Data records
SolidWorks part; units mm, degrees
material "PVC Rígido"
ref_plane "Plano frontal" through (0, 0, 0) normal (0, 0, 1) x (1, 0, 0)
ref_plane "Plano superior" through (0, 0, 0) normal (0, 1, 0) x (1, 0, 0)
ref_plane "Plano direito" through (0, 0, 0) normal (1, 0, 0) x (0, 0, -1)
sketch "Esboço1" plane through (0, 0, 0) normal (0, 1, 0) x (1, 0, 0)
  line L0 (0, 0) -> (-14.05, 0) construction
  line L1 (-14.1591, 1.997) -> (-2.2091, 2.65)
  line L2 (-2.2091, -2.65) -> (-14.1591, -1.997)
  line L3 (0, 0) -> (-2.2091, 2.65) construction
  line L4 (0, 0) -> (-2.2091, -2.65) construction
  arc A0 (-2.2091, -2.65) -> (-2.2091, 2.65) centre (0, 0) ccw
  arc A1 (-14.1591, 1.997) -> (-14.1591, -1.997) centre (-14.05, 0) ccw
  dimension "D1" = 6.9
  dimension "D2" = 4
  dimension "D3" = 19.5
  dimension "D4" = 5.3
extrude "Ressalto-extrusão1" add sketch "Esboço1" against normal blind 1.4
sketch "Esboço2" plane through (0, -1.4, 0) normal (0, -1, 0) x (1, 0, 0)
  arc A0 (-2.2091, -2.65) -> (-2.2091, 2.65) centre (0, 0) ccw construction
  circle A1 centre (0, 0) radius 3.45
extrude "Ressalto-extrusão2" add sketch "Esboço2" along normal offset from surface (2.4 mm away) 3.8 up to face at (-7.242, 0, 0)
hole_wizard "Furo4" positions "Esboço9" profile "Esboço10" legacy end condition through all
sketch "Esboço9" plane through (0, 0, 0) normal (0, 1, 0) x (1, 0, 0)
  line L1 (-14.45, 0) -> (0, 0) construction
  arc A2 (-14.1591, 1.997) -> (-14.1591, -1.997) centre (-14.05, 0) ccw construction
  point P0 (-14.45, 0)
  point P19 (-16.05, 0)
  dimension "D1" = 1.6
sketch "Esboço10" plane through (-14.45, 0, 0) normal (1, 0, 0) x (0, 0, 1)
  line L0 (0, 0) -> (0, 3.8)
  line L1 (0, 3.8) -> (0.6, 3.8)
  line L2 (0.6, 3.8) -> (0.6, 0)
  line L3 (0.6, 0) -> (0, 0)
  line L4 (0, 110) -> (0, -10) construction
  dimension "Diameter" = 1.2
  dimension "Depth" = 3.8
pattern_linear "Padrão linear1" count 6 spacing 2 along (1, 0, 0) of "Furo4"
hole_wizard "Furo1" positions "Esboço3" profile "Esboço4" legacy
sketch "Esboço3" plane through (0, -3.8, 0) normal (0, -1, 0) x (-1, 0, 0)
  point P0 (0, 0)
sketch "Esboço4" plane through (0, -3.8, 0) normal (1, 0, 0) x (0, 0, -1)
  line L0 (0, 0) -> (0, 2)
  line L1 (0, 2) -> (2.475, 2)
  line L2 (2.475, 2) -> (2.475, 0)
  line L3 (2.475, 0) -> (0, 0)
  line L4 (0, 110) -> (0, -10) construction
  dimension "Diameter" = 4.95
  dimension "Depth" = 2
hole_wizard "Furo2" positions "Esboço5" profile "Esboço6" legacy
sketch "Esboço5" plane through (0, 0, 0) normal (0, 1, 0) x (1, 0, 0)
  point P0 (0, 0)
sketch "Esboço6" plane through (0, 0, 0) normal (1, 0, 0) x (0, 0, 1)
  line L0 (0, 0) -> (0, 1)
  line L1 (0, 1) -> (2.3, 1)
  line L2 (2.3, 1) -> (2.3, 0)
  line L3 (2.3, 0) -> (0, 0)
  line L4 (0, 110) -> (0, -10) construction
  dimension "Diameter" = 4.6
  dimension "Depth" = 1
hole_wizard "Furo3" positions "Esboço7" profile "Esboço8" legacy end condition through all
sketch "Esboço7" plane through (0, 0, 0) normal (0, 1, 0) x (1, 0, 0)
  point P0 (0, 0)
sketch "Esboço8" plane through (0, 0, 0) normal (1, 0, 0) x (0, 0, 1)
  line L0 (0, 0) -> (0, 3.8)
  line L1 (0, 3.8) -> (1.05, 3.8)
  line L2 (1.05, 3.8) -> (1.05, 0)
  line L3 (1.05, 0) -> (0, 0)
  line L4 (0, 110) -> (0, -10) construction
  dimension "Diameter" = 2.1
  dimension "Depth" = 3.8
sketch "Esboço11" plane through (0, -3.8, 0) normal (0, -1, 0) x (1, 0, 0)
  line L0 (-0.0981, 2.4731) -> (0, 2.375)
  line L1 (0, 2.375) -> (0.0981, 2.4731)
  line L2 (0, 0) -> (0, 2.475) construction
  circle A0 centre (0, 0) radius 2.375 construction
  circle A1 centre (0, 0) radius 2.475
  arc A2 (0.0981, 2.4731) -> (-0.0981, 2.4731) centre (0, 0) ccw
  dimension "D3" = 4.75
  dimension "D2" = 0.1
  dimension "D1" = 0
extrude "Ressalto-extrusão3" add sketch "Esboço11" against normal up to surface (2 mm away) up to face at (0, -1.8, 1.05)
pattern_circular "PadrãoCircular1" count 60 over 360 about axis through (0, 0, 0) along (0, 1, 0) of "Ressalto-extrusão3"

Aim of the task: For every line of the records with the string "Ressalto", add one to a tally; give the final tally alone.

Solution for this problem: 4